Health care in the U.S. compared to other high income countries

Today, with over 900,000 COVID-19 deaths (Feb. 4) we remain the tragic outlier in COVID public health effectiveness. We have the highest per capita death rate among the world’s 10 richest countries. Ezra Klein (NYT Feb. 6) maintains that our vast unvaccinated millions lack trust. “Public health is rooted in the soil of trust. That soil has thinned in America.”

Excuse me? What public health is Klein referring to, I ask, as must all those individuals who think government should stay out of their health business. What Americans know of health care as a full range of consumer health options among industries: doctors, hospitals, insurance or pharmaceuticals. For them, health is about their individual choices.

There is essentially nothing else. The U.S. simply does not have the national health authority, the health infrastructure or the public health social awareness to manage an epidemic, no matter who is in office. Governmental response to infection is a state responsibility. Public health authority is vetted only in the states. The Centers for Disease Control and Prevention (CDC) has no statutory role for intervention nor does the Department of Health and Human Services. (The Institute of Medicine’s The Future of the Public’s Health in the 21st called for such authority in 2002 in response to the Anthrax scare but to no avail.)

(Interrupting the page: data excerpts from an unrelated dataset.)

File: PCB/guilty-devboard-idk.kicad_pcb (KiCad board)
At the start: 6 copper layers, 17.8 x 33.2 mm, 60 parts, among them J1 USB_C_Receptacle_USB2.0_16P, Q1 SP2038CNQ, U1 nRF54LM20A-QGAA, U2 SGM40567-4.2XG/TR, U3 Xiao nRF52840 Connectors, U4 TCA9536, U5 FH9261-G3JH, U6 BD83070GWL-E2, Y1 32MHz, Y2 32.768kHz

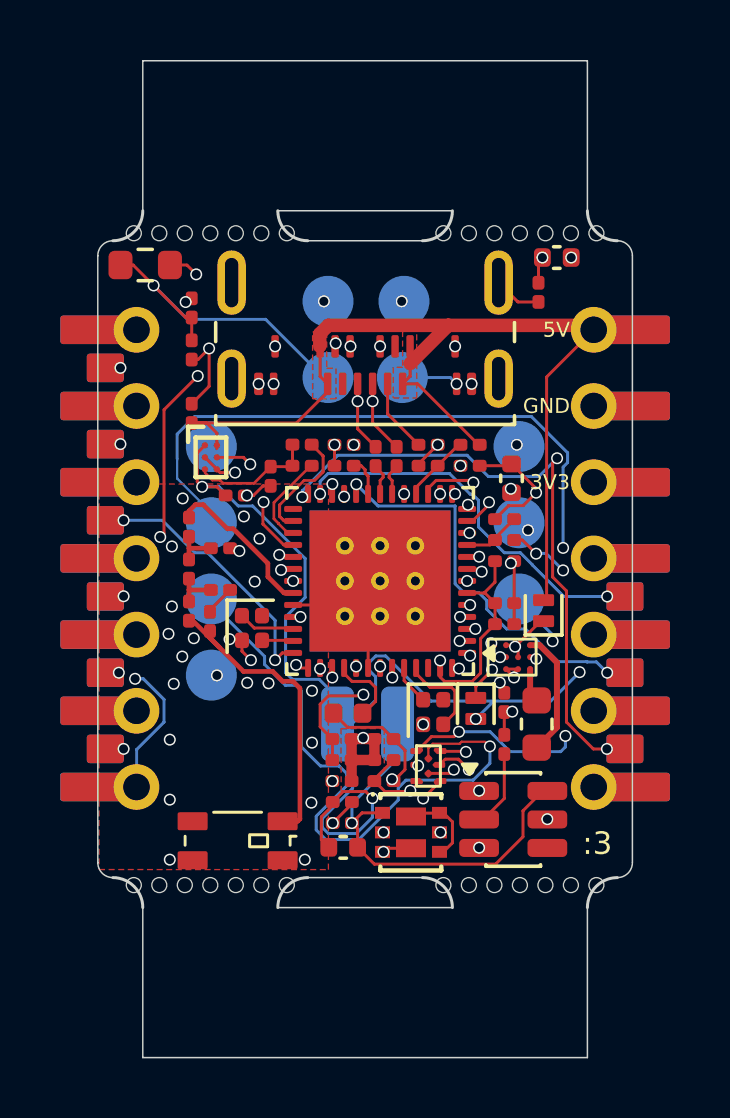
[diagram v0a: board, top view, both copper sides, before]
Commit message: remove vbus zone, fix drc errors
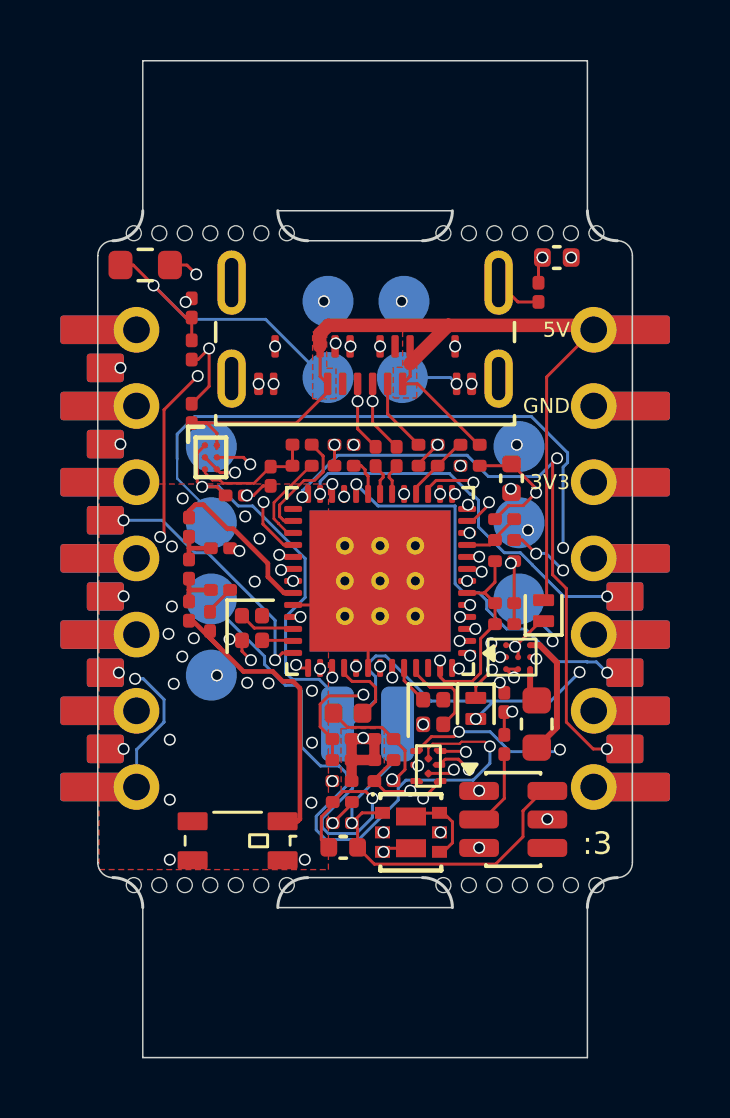
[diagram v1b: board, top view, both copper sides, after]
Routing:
- net +3V3: track 19.9 -> 17.2 mm
- removed copper zone on In2.Cu, net VBUS
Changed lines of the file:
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@@
 	)
 	(segment
-		(start 90.533 47.797)
-		(end 90.69 47.64)
+		(start 90.528 53.13867)
+		(end 91.44 54.05067)
 		(width 0.1)
 		(layer "In2.Cu")
@@
 	)
 	(segment
-		(start 89.05175 55.12825)
-		(end 88.83298 55.34702)
-		(width 0.1)
-		(layer "In2.Cu")
-		(net "+3V3")
-	)
-	(segment
-		(start 91.445 55.12825)
-		(end 91.445 53.878013)
+		(start 90.528 47.802)
+		(end 90.528 53.13867)
 		(width 0.1)
 		(layer "In2.Cu")
@@
 	)
 	(segment
-		(start 91.445 53.878013)
-		(end 90.533 52.966013)
-		(width 0.1)
-		(layer "In2.Cu")
-		(net "+3V3")
-	)
-	(segment
-		(start 90.533 52.966013)
-		(end 90.533 47.797)
+		(start 91.44 54.05067)
+		(end 91.44 55.1283)
 		(width 0.1)
 		(layer "In2.Cu")
@@
 	)
 	(segment
-		(start 91.445 55.12825)
-		(end 89.05175 55.12825)
+		(start 90.69 47.64)
+		(end 90.528 47.802)
 		(width 0.1)
 		(layer "In2.Cu")
@@
 	)
 	(via
-		(at 79.78 56.27)
+		(at 79.825703 56.269999)
 		(size 0.4)
 		(drill 0.3)
@@
 	)
 	(via
-		(at 90.497598 63.585588)
+		(at 90.315 64.04)
 		(size 0.4)
 		(drill 0.3)
@@
 	)
 	(segment
-		(start 90.497598 63.585588)
-		(end 90.497598 63.952402)
-		(width 0.1)
-		(layer "B.Cu")
-		(net "/IO_EXT_P0_D21")
-	)
-	(segment
 		(start 78.140786 52.9398)
 		(end 77.555 53.525586)
@@
 	)
 	(segment
+		(start 88.650548 64.11)
+		(end 87.987834 63.447286)
+		(width 0.1)
+		(layer "B.Cu")
+		(net "/IO_EXT_P0_D21")
+	)
+	(segment
 		(start 78.695 56.146859)
 		(end 77.555 55.006859)
@@
 	)
 	(segment
-		(start 90.497598 63.952402)
-		(end 90.34 64.11)
+		(start 90.315 64.04)
+		(end 90.245 64.11)
 		(width 0.1)
 		(layer "B.Cu")
@@
 	)
 	(segment
-		(start 88.650548 64.11)
-		(end 87.987834 63.447286)
+		(start 77.555 53.525586)
+		(end 77.555 54.354014)
 		(width 0.1)
 		(layer "B.Cu")
@@
 	)
 	(segment
-		(start 77.555 53.525586)
-		(end 77.555 54.354014)
+		(start 90.57 54.145586)
+		(end 89.364214 52.9398)
 		(width 0.1)
 		(layer "B.Cu")
@@
 	)
 	(segment
-		(start 90.34 64.11)
-		(end 88.650548 64.11)
+		(start 90.42 54.624975)
+		(end 90.57 54.474975)
 		(width 0.1)
 		(layer "B.Cu")
@@
 	)
 	(segment
-		(start 90.57 54.145586)
-		(end 89.364214 52.9398)
+		(start 90.245 64.11)
+		(end 88.650548 64.11)
 		(width 0.1)
 		(layer "B.Cu")
@@
 	)
 	(segment
-		(start 90.42 54.624975)
-		(end 90.57 54.474975)
+		(start 90.07 59.934192)
+		(end 90.07 57.66825)
 		(width 0.1)
-		(layer "B.Cu")
+		(layer "In1.Cu")
 		(net "/IO_EXT_P0_D21")
 	)
 	(segment
-		(start 90.497598 60.447597)
-		(end 90.497598 63.585588)
+		(start 90.420001 60.37)
+		(end 90.420001 60.284193)
 		(width 0.1)
 		(layer "In1.Cu")
@@
 	)
 	(segment
-		(start 90.42 57.31825)
-		(end 90.07 57.66825)
+		(start 90.07 57.66825)
+		(end 90.42 57.31825)
 		(width 0.1)
 		(layer "In1.Cu")
@@
 	)
 	(segment
-		(start 90.07 57.66825)
+		(start 90.420001 60.284193)
 		(end 90.07 59.934192)
 		(width 0.1)
@@
 	)
 	(segment
-		(start 90.420001 60.284193)
-		(end 90.420001 60.37)
+		(start 90.315 64.04)
+		(end 90.497598 63.857402)
 		(width 0.1)
 		(layer "In1.Cu")
@@
 	)
 	(segment
-		(start 90.07 59.934192)
-		(end 90.420001 60.284193)
+		(start 90.497598 63.857402)
+		(end 90.497598 60.447597)
 		(width 0.1)
 		(layer "In1.Cu")
@@
 	)
 	(segment
-		(start 90.420001 60.37)
-		(end 90.497598 60.447597)
+		(start 90.497598 60.447597)
+		(end 90.420001 60.37)
 		(width 0.1)
 		(layer "In1.Cu")
@@
 	(segment
 		(start 91.88 64.02)
-		(end 91.426987 64.02)
+		(end 91.421937 64.02)
 		(width 0.1)
 		(layer "F.Cu")
@@
 	)
 	(segment
-		(start 91.426987 64.02)
-		(end 90.533 63.126013)
+		(start 90.07 58.212487)
+		(end 90.07 54.48)
 		(width 0.1)
 		(layer "F.Cu")
@@
 	)
 	(segment
-		(start 90.07 58.29)
-		(end 90.533 58.753)
+		(start 90.528 63.126063)
+		(end 90.528 58.670487)
 		(width 0.1)
 		(layer "F.Cu")
@@
 	)
 	(segment
-		(start 90.533 63.126013)
-		(end 90.533 58.753)
+		(start 90.528 58.670487)
+		(end 90.07 58.212487)
 		(width 0.1)
 		(layer "F.Cu")
@@
 	)
 	(segment
-		(start 90.07 58.29)
-		(end 90.07 54.48)
+		(start 91.421937 64.02)
+		(end 90.528 63.126063)
 		(width 0.1)
 		(layer "F.Cu")
@@
 		(polygon
 			(pts
-				(xy 84.76 52.32) (xy 85.54 52.32) (xy 85.54 50.09) (xy 85.07 50.09) (xy 85.07 51.3) (xy 84.76 51.3)
+				(xy 84.76 52.32) (xy 85.54 52.32) (xy 85.54 51.205) (xy 86.66 50.09) (xy 85.07 50.09) (xy 85.07 51.3)
+				(xy 84.76 51.3)
 			)
 		)
@@
 			)
 		)
-	)
-	(zone
-		(net "VBUS")
-		(layer "In2.Cu")
-		(hatch edge 0.5)
-		(priority 1)
-		(connect_pads
-			(clearance 0.15)
-		)
-		(min_thickness 0.25)
-		(fill yes
-			(thermal_gap 0.5)
-			(thermal_bridge_width 0.5)
-			(island_removal_mode 0)
-		)
-		(polygon
-			(pts
-				(xy 89.75 54.2) (xy 89.75 47.13) (xy 78.87 47.12) (xy 78.87 54.2)
-			)
-		)

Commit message: increase corner rounding
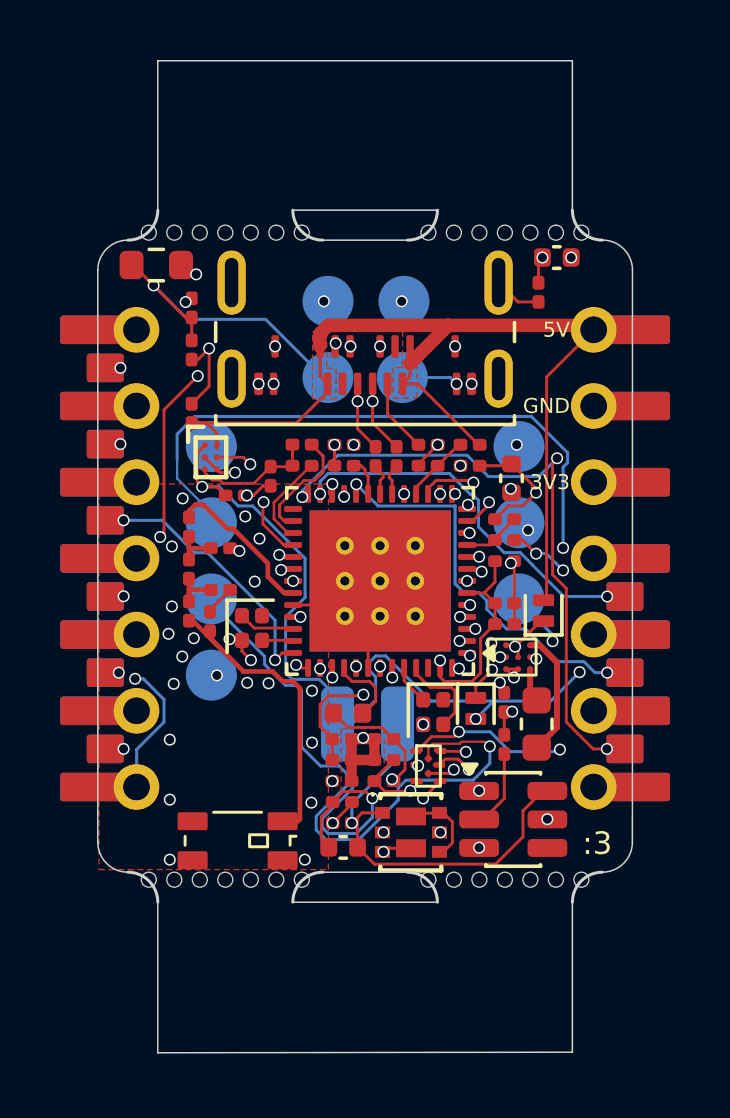
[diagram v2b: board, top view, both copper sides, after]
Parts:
- moved REF** 0.53 mm to (88.5, 68.1)
- moved REF** 0.53 mm to (79.2, 68.1)
- moved REF** 0.50 mm to (88.5, 47.1)
- moved REF** 0.50 mm to (79.2, 47.1)
- moved JP1 0.37 mm to (76.9, 47.9)
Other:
- board size 17.8 x 33.2 mm -> 17.8 x 33.1 mm
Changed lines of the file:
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@@
 	(footprint "Panelization:MouseBite-Part_2.0x4.5mm_outset_D0.5mm_P0.85mm_7h"
 		(layer "F.Cu")
-		(at 88.98 68.308 180)
+		(at 88.48 68.128 180)
 		(descr "Break slot 2mm part, standard: L=4.5mm, holes outset (sand flat with edge)")
 		(tags "mousebite stamp slot break tab 2mm edge outset")
@@
 	(footprint "Panelization:MouseBite-Part_2.0x4.5mm_outset_D0.5mm_P0.85mm_7h"
 		(layer "F.Cu")
-		(at 88.98 47.08)
+		(at 88.48 47.06)
 		(descr "Break slot 2mm part, standard: L=4.5mm, holes outset (sand flat with edge)")
 		(tags "mousebite stamp slot break tab 2mm edge outset")
@@
 	(footprint "Panelization:MouseBite-Part_2.0x4.5mm_outset_D0.5mm_P0.85mm_7h"
 		(layer "F.Cu")
-		(at 78.66 47.08)
+		(at 79.16 47.06)
 		(descr "Break slot 2mm part, standard: L=4.5mm, holes outset (sand flat with edge)")
 		(tags "mousebite stamp slot break tab 2mm edge outset")
@@
 	(footprint "Resistor_SMD:R_0603_1608Metric"
 		(layer "F.Cu")
-		(at 76.49 47.89)
+		(at 76.86 47.89)
 		(descr "Resistor SMD 0603 (1608 Metric), square (rectangular) end terminal, IPC-7351 nominal, (Body size source: IPC-SM-782 page 72, https://www.pcb-3d.com/wordpress/wp-content/uploads/ipc-sm-782a_amendment_1_and_2.pdf)")
 		(tags "resistor")
@@
 	(footprint "Panelization:MouseBite-Part_2.0x4.5mm_outset_D0.5mm_P0.85mm_7h"
 		(layer "F.Cu")
-		(at 78.66 68.308 180)
+		(at 79.16 68.128 180)
 		(descr "Break slot 2mm part, standard: L=4.5mm, holes outset (sand flat with edge)")
 		(tags "mousebite stamp slot break tab 2mm edge outset")
@@
 		)
 		(property "Value" "FH9261-G3JH"
-			(at 0 2.4 0)
+			(at 0 2.24 0)
 			(layer "F.Fab")
 			(effects
@@
 	)
 	(gr_arc
-		(start 74.91 47.58)
-		(mid 75.056447 47.226447)
-		(end 75.41 47.08)
+		(start 74.91 48.06)
+		(mid 75.202893 47.352893)
+		(end 75.91 47.06)
 		(stroke
 			(width 0.05)
@@
 	)
 	(gr_line
-		(start 74.91 67.808)
-		(end 74.91 47.58)
+		(start 74.91 67.128)
+		(end 74.91 48.06)
 		(stroke
 			(width 0.05)
@@
 	)
 	(gr_arc
-		(start 75.41 68.308)
-		(mid 75.056447 68.161553)
-		(end 74.91 67.808)
+		(start 75.91 68.128)
+		(mid 75.202893 67.835107)
+		(end 74.91 67.128)
 		(stroke
 			(width 0.05)
@@
 	)
 	(gr_line
-		(start 76.41 41.08)
-		(end 76.41 46.08)
+		(start 76.91 41.08)
+		(end 76.91 46.057499)
 		(stroke
 			(width 0.05)
@@
 	)
 	(gr_line
-		(start 76.41 69.308)
-		(end 76.41 74.308)
+		(start 76.91 69.128)
+		(end 76.91 74.148)
 		(stroke
 			(width 0.05)
@@
 	)
 	(gr_line
-		(start 76.41 74.308)
-		(end 91.23 74.308)
+		(start 76.91 74.148)
+		(end 90.73 74.128)
 		(stroke
 			(width 0.05)
@@
 	)
 	(gr_line
-		(start 80.91 69.308)
-		(end 86.73 69.308)
+		(start 81.41 69.128)
+		(end 86.23 69.128)
 		(stroke
 			(width 0.05)
@@
 	)
 	(gr_line
-		(start 81.91 68.308)
-		(end 85.73 68.308)
+		(start 82.41 68.128)
+		(end 85.23 68.128)
 		(stroke
 			(width 0.05)
@@
 	)
 	(gr_line
-		(start 85.73 47.08)
-		(end 81.91 47.08)
+		(start 85.23 47.06)
+		(end 82.41 47.06)
 		(stroke
 			(width 0.05)
@@
 	)
 	(gr_line
-		(start 86.73 46.08)
-		(end 80.91 46.08)
+		(start 86.23 46.06)
+		(end 81.41 46.06)
 		(stroke
 			(width 0.05)
@@
 	)
 	(gr_line
-		(start 91.23 41.08)
-		(end 76.41 41.08)
+		(start 90.73 41.08)
+		(end 76.91 41.08)
 		(stroke
 			(width 0.05)
@@
 	)
 	(gr_line
-		(start 91.23 46.08)
-		(end 91.23 41.08)
+		(start 90.73 46.06)
+		(end 90.73 41.08)
 		(stroke
 			(width 0.05)
@@
 	)
 	(gr_line
-		(start 91.23 74.308)
-		(end 91.23 69.308)
+		(start 90.73 74.128)
+		(end 90.73 69.128)
 		(stroke
 			(width 0.05)
@@
 	)
 	(gr_arc
-		(start 92.23 47.08)
-		(mid 92.583553 47.226447)
-		(end 92.73 47.58)
+		(start 91.732893 47.057107)
+		(mid 92.44 47.35)
+		(end 92.732893 48.057107)
 		(stroke
 			(width 0.05)
@@
 		(layer "Edge.Cuts")
 	)
-	(gr_line
-		(start 92.73 47.58)
-		(end 92.73 67.808)
+	(gr_arc
+		(start 92.73 67.13)
+		(mid 92.436401 67.835815)
+		(end 91.73 68.128002)
 		(stroke
 			(width 0.05)
@@
 		(layer "Edge.Cuts")
 	)
-	(gr_arc
-		(start 92.73 67.808)
-		(mid 92.583553 68.161553)
-		(end 92.23 68.308)
+	(gr_line
+		(start 92.732893 48.057107)
+		(end 92.73 67.13)
 		(stroke
 			(width 0.05)
@@
 	)
 	(barcode
-		(at 86.67 78.35 0)
-		(layer "F.SilkS")
-		(size 4 4)
-		(text "askiiart.net/xr")
-		(text_height 0.001)
-		(type microqr)
-		(ecc_level L)
-		(hide no)
-		(knockout no)
-	)
-	(barcode
 		(at 83.71 57.785 0)
 		(layer "B.SilkS")
@@
 	)
 	(segment
-		(start 77.315 47.89)
-		(end 77.88 47.89)
-		(width 0.1)
-		(layer "F.Cu")
-		(net "GND")
-	)
-	(segment
 		(start 88.709999 62.79)
 		(end 88.724999 62.775)
@@
 	)
 	(segment
-		(start 77.88 47.89)
-		(end 78.19 48.2)
+		(start 83.92 61.32)
+		(end 83.92 60.48)
 		(width 0.1)
 		(layer "F.Cu")
@@
 	)
 	(segment
-		(start 83.92 61.32)
-		(end 83.92 60.48)
+		(start 77.88 47.89)
+		(end 78.19 48.2)
 		(width 0.1)
 		(layer "F.Cu")
@@
 	)
 	(segment
+		(start 77.685 47.89)
+		(end 77.88 47.89)
+		(width 0.1)
+		(layer "F.Cu")
+		(net "GND")
+	)
+	(segment
 		(start 84.48 65.44)
 		(end 85.297526 65.44)
@@
 	)
 	(segment
-		(start 77.840001 49.64)
+		(start 76.090001 47.89)
 		(end 76.770001 48.57)
 		(width 0.1)
@@
 	)
 	(segment
-		(start 76.090001 47.89)
-		(end 75.665 47.89)
+		(start 77.840001 49.64)
+		(end 76.770001 48.57)
 		(width 0.1)
 		(layer "F.Cu")
@@
 	)
 	(segment
-		(start 76.770001 48.57)
+		(start 76.035 47.89)
 		(end 76.090001 47.89)
 		(width 0.1)
@@
 	)
 	(segment
-		(start 91.532 61.12025)
-		(end 91.22 61.12025)
-		(width 0.1)
-		(layer "B.Cu")
-		(net "/P1.07_GRTC.CLKOUTFAST")
-	)
-	(segment
 		(start 86.82 55.92)
 		(end 84.250505 55.92)
@@
 	)
 	(segment
+		(start 91.89 61.47825)
+		(end 91.483225 61.47825)
+		(width 0.1)
+		(layer "B.Cu")
+		(net "/P1.07_GRTC.CLKOUTFAST")
+	)
+	(segment
 		(start 87.115025 58.81)
 		(end 86.82 58.514975)
@@
 	)
 	(segment
-		(start 91.20975 61.11)
+		(start 91.114975 61.11)
 		(end 90.255858 61.11)
 		(width 0.1)
@@
 	)
 	(segment
-		(start 88.535786 60.0198)
-		(end 87.875 59.359014)
+		(start 91.483225 61.47825)
+		(end 91.114975 61.11)
 		(width 0.1)
 		(layer "B.Cu")
@@
 	)
 	(segment
-		(start 91.89 61.47825)
-		(end 91.532 61.12025)
+		(start 88.535786 60.0198)
+		(end 87.875 59.359014)
 		(width 0.1)
 		(layer "B.Cu")
@@
 		(width 0.1)
 		(layer "B.Cu")
-		(net "/P1.07_GRTC.CLKOUTFAST")
-	)
-	(segment
-		(start 91.22 61.12025)
-		(end 91.20975 61.11)
-		(width 0.1)
-		(layer "B.Cu")

Elizabeth Rosenthal (WP, Dec. 27, 2021) has pointed out that public health is about future. It is about readiness. It is about prevention.

Like national defense readiness, effective public health is embedded in infrastructure and national authority proactively developed with a coordinated capacity for responding with distribution channels, and staffing.

Alternatively, economic markets are about the present. They are demand-driven. When a need occurs, it is monetized and as many deliverers as wish to be in the market enter to provide it. Some, like hospital needs, are over extended with tragic results.

The 1918-19 flu epidemic infected more than 500 million people with 675,000 deaths in the U.S. The lesson learned was that it was not reasonable to blame individuals for catching an infectious disease, nor to treat them in isolation.

Many countries quickly went for socialized medicine. First Russia, then Germany, France, the Scandinavian countries. Only in the 1950s did the U.S. finally offer health care and only in the form of health insurance for the employed (first as a “perk” and ultimately as a purchased add on). The first U.S. government health care services program was Medicare and Medicaid in 1965 — still controversial.

The U.S. remains the only one of 10 comparable nations (Austria/Canada/France/Germany/Netherlands/New Zealand/Norway/Sweden/Switzerland) without a unified health care system and one available to all. We rank last in health care availability, and first in personal expense ($11,000 a year). Each of the other countries has a national system integrating prevention and medical treatment within their blended economies (“socialist” programs with “free market services”).

Isn’t it time that we begin to face the fact that our lack of a health care system is the source of our excess death rates?

 

Nancy McKenzie is a retired professor from the CUNY School of Public Health. She and her partner moved to Amenia in 2016 from Brooklyn.